While the majority of his collection of glass-plate photographs had been carefully sorted into albums, his more recent work—that is, after he switched to film—were prints piled into boxes, awaiting further categorization. With shaky handwriting, he began labeling envelopes, to make a start:
Aqueduct, Erie Canal Skaters, Streetcar, Ferris Wheel
,
Portrait of Sir, Camp Mohawk
. Here was an entire group of images he wished to give to Joseph Longboat, a necessarily incomplete visual record of their several decades together, their overlapping stories.

Frequently he had to rest from the effort of breathing. During one of these pauses, to Steinmetz’s astonishment, Joseph himself appeared at the bedroom door, holding a finger to his lips.

“What’s the secret?” Proteus whispered. His friend leaned in close to say they had to slip away from the house, just for an hour.

Nobody knows.
Joseph silently mouthed the words.

Steinmetz understood that they had to avoid being seen by any of the Hayden household, who would surely try to stop them. And for good reason. How would he find even a fraction of the energy required to make it all the way down a flight of stairs, much less into the chill of a late fall afternoon, and not to mention wherever Joseph planned for the fugitives to go.

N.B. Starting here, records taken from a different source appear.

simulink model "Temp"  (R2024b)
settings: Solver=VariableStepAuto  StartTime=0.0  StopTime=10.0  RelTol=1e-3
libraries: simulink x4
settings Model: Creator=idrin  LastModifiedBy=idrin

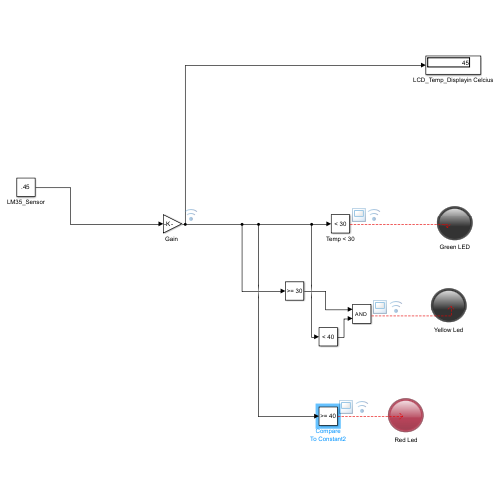
[thumbnail: Simulink's stored preview of the top-level diagram]
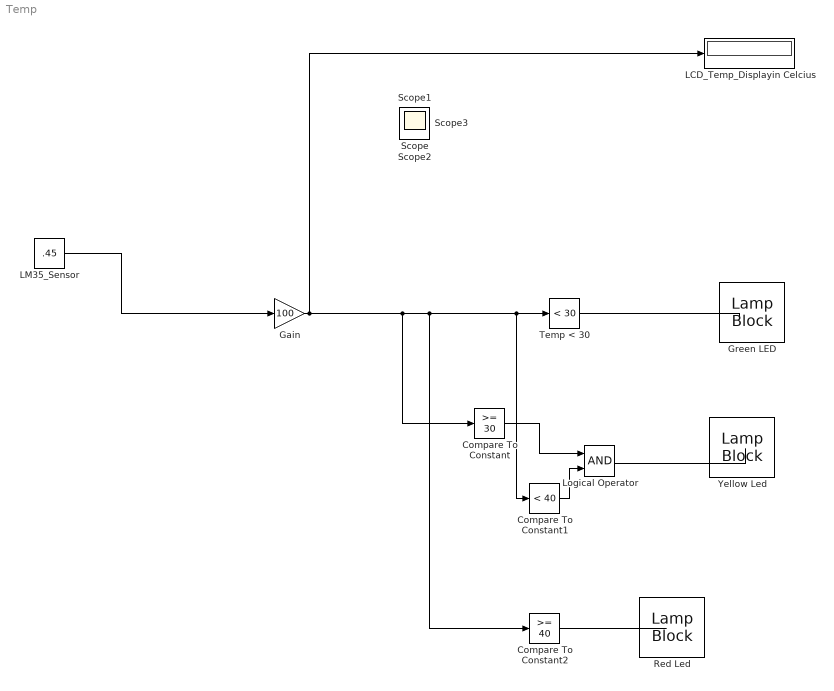
== system Temp ==
  Compare To Constant : simulink/Logic and Bit Operations/Compare To Constant  relop=>=  const=30  OutDataTypeStr=boolean
  Compare To Constant1 : simulink/Logic and Bit Operations/Compare To Constant  relop=<  const=40  OutDataTypeStr=boolean
  Compare To Constant2 : simulink/Logic and Bit Operations/Compare To Constant  relop=>=  const=40  OutDataTypeStr=boolean
  "Gain " : Gain  Gain=100
  Green LED : LampBlock  LabelPosition=Hide
  LCD_Temp_Displayin Celcius : Display
  LM35_Sensor : Constant  Value=.45
  Logical Operator : Logic  OutDataTypeStr=boolean
  Red Led : LampBlock  LabelPosition=Hide
  Temp < 30 : simulink/Logic and Bit Operations/Compare To Constant  relop=<  const=30  OutDataTypeStr=boolean
  Yellow Led : LampBlock  LabelPosition=Hide
  Scope{,1..3} (4 alike) : Scope
  wires:
  LM35_Sensor/1 -> "Gain "/1
  Compare To Constant/1 -> Logical Operator/1
  Compare To Constant1/1 -> Logical Operator/2
  "Gain "/1 -> LCD_Temp_Displayin Celcius/1, Compare To Constant1/1, Temp < 30/1, Compare To Constant2/1, Compare To Constant/1
  Temp < 30/1 -> ?
  Logical Operator/1 -> ?
  Compare To Constant2/1 -> ?

“I’ll carry you,” Joseph said. And lifted Proteus into his arms.

He might have been dreaming. Wrapped in a quilt warm as fur, Steinmetz allowed himself to be cradled while Joseph serenely walked them away from the house and along the wooded path. Half dozing, he occasionally looked up to observe leaves drifting toward the ground in shafts of filtered sunlight. There was a timeless hush surrounding them, a hesitation between the warning frost and the first snow. Joseph’s stride was even-paced, limber-jointed, and smooth; there was no sense of burden but merely a determined momentum. The river wasn’t far now, and the canoe was waiting.

Lighter than ever, once again easily mistaken for a child, Proteus floated on water the way amber floated. The geode whose beauty was hidden until split open. The two-row wampum belt, flowing in both directions; the exchange between spirit and flint. Always echoing and repeating: lightning-shaped and fox-shaped, mirror-splintered and time-bent.

Joseph guided the canoe by walking beside it, thigh-deep, tracing the shoreline. No need to go far—just beyond the reeds so Steinmetz,
as if alone, could lean back and gaze at the sky, spot an eagle’s distant pinpoint. A farewell view from the water, looking up to the sweet sanctuary of Camp Mohawk.

“Grandfather. Thunder Chief, Hinon,” Joseph said softly.

The light was leaving so fast. Joseph pulled the canoe back to its resting place on the slope and lifted his friend into his arms again to carry him home.

T
HE CASSETTE TAPE
Sophie received from Martin was so richly layered with sound she could close her eyes and feel they were together in the same room. She sensed how close the walls were, and she could hear which floorboards creaked along with the scrape of a chair pushed back from the table. She heard him fill a glass of water from the tap, and even his inhalations were audible before he spoke. In her mind’s eye he was carrying the microphone as though it were a long-stemmed rose. Or a branch of berries.